I'm not very familiar with the various business models, or whether the items I've listed above even all qualify.
I have a number of other candidates that might be among these, but in smaller numbers, so without a lot of research it's hard to tell.

Anyone here have suggestions/additions/subtractions?

There are certainly stealth distributed crawlers that pretend to be browsers, but they're much harder to recognise:
[webmasterworld.com...]

aristotle

9:51 pm on Jan 8, 2015 (gmt 0)

WebmasterWorld Senior Member 10+ Year Member Top Contributors Of The Month



If you just make a habit of blocking all unwanted crawlers with UA keywords, then it doesn't matter if they come from multiple IPs or not.

trintragula

10:23 pm on Jan 8, 2015 (gmt 0)

10+ Year Member Top Contributors Of The Month



That's certainly a practical way to stop them, but I can think of a number of reasons why this list might still be interesting:

1. removing candidates from the list of IPs that should be checked for being a new server farm (server farms may still host these things, but if they're on user's machines, the user machines will likely swamp them by number, so they don't make good leads).
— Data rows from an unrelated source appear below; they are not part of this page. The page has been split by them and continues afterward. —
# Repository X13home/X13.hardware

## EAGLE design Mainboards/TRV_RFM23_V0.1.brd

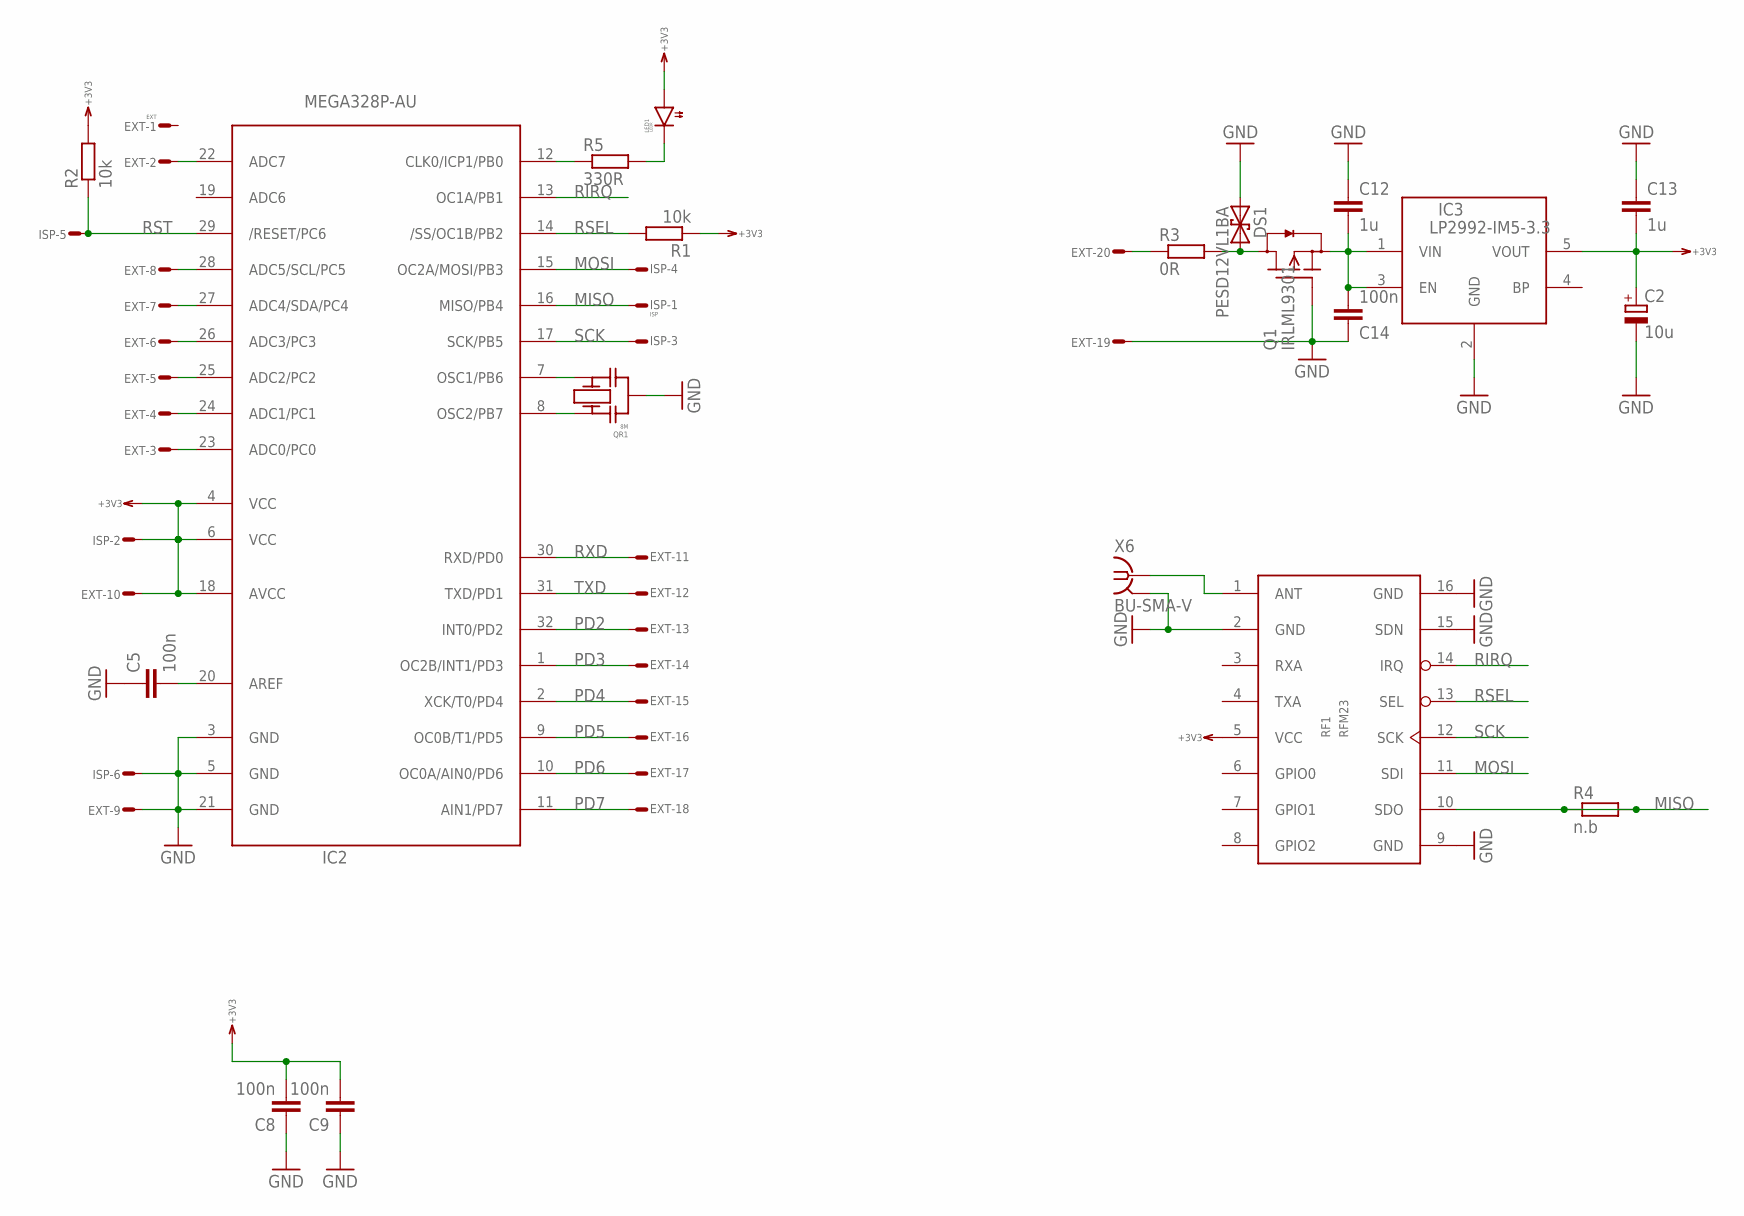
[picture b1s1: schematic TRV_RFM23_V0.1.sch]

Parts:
C2: 10u; SMC_B
C5, C8, C9, C14: 100n; 0603
C12, C13: 1u; 0603
DS1: PESD12VL1BA; SOD323
EXT: EXT; ML20S
IC2: MEGA328P-AU; TQFP32-08
IC3: LP2992-IM5-3.3; SOT23-5
ISP: ISP; ML6S
LED1: LEDR; 0805
Q1: IRLML9301; SOT23
QR1: 8M; CR
R1, R2: 10k; 0603
R3: 0R; 0603
R4: n.b; 0603
R5: 330R; 0603
RF1: RFM23; RFM23B
X6: BU-SMA-V

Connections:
+3V3: C2.+, C8.2, C9.2, C13.2, EXT.10, IC2.4 (VCC), IC2.6 (VCC), IC2.18 (AVCC), IC3.5 (VOUT), ISP.2, LED1.C (A), R1.1, R2.2, RF1.5 (VCC)
GND: C2.-, C5.1, C8.1, C9.1, C12.1, C13.1, C14.1, DS1.A (1), EXT.9, EXT.19, IC2.3 (GND), IC2.5 (GND), IC2.21 (GND), IC3.2 (GND), ISP.6, Q1.1 (G), QR1.M, RF1.2 (GND), RF1.9 (GND), RF1.15 (SDN), RF1.16 (GND), X6.2 (GND), X6.3 (GND), X6.4 (GND), X6.5 (GND)
LED: IC2.12 (CLK0/ICP1/PB0), R5.1
MISO: IC2.16 (MISO/PB4), ISP.1, R4.1, R4.2, RF1.10 (SDO)
MOSI: IC2.15 (OC2A/MOSI/PB3), ISP.4, RF1.11 (SDI)
unnamed: RF1.1 (ANT), X6.1
unnamed: EXT.2, IC2.22 (ADC7)
unnamed: DS1.C (2), Q1.3 (D), R3.2
unnamed: C5.2, IC2.20 (AREF)
unnamed: IC2.8 (OSC2/PB7), QR1.1
unnamed: IC2.7 (OSC1/PB6), QR1.2
unnamed: EXT.20, R3.1
unnamed: C12.2, C14.2, IC3.1 (VIN), IC3.3 (EN), Q1.2 (S)
unnamed: LED1.A (C), R5.2
PC0: EXT.3, IC2.23 (ADC0/PC0)
PC1: EXT.4, IC2.24 (ADC1/PC1)
PC2: EXT.5, IC2.25 (ADC2/PC2)
PC3: EXT.6, IC2.26 (ADC3/PC3)
PC4: EXT.7, IC2.27 (ADC4/SDA/PC4)
PC5: EXT.8, IC2.28 (ADC5/SCL/PC5)
PD2: EXT.13, IC2.32 (INT0/PD2)
PD3: EXT.14, IC2.1 (OC2B/INT1/PD3)
PD4: EXT.15, IC2.2 (XCK/T0/PD4)
PD5: EXT.16, IC2.9 (OC0B/T1/PD5)
PD6: EXT.17, IC2.10 (OC0A/AIN0/PD6)
PD7: EXT.18, IC2.11 (AIN1/PD7)
RIRQ: IC2.13 (OC1A/PB1), RF1.14 (IRQ)
RSEL: IC2.14 (/SS/OC1B/PB2), R1.2, RF1.13 (SEL)
RST: IC2.29 (/RESET/PC6), ISP.5, R2.1
RXD: EXT.11, IC2.30 (RXD/PD0)
SCK: IC2.17 (SCK/PB5), ISP.3, RF1.12 (SCK)
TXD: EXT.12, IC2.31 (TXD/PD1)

2. collecting a list provides a basis for analysing bot behaviour, which may be useful in the future for catching those distributed crawlers that hide themselves.

3. bot behaviour from an IP range often results in the range being blocked. Bot behaviour from a known distributed crawler can be treated differently, as those ranges will more often than not be full of users.

aristotle

12:50 am on Jan 9, 2015 (gmt 0)

WebmasterWorld Senior Member 10+ Year Member Top Contributors Of The Month



So a bot that comes from a lot of different IPs might behave differently in other ways as well, and might also provide other kinds of useful extra information.

lucy24

2:43 am on Jan 9, 2015 (gmt 0)

WebmasterWorld Senior Member 10+ Year Member Top Contributors Of The Month



Sometimes I meet a robot that is intrinsically unexceptionable (MJ12 comes to mind) but because its crawling is farmed out to so many different ranges, it often ends up getting blocked-by-association.

If a distributed crawler is known to provide a good and useful service, you might tweak your lockouts to poke a hole for them. Conversely, if a crawler is inherently malign it may merit a lockout by name, no matter where it comes from.

Doesn't pinterest have its own IP ranges? I always thought it did :(

trintragula

11:03 am on Jan 9, 2015 (gmt 0)

10+ Year Member Top Contributors Of The Month



Hmm, it looks like pinterest may be AWS. I should probably remove that one from the list. Thanks, Lucy.

Any Additions or corrections are appreciated!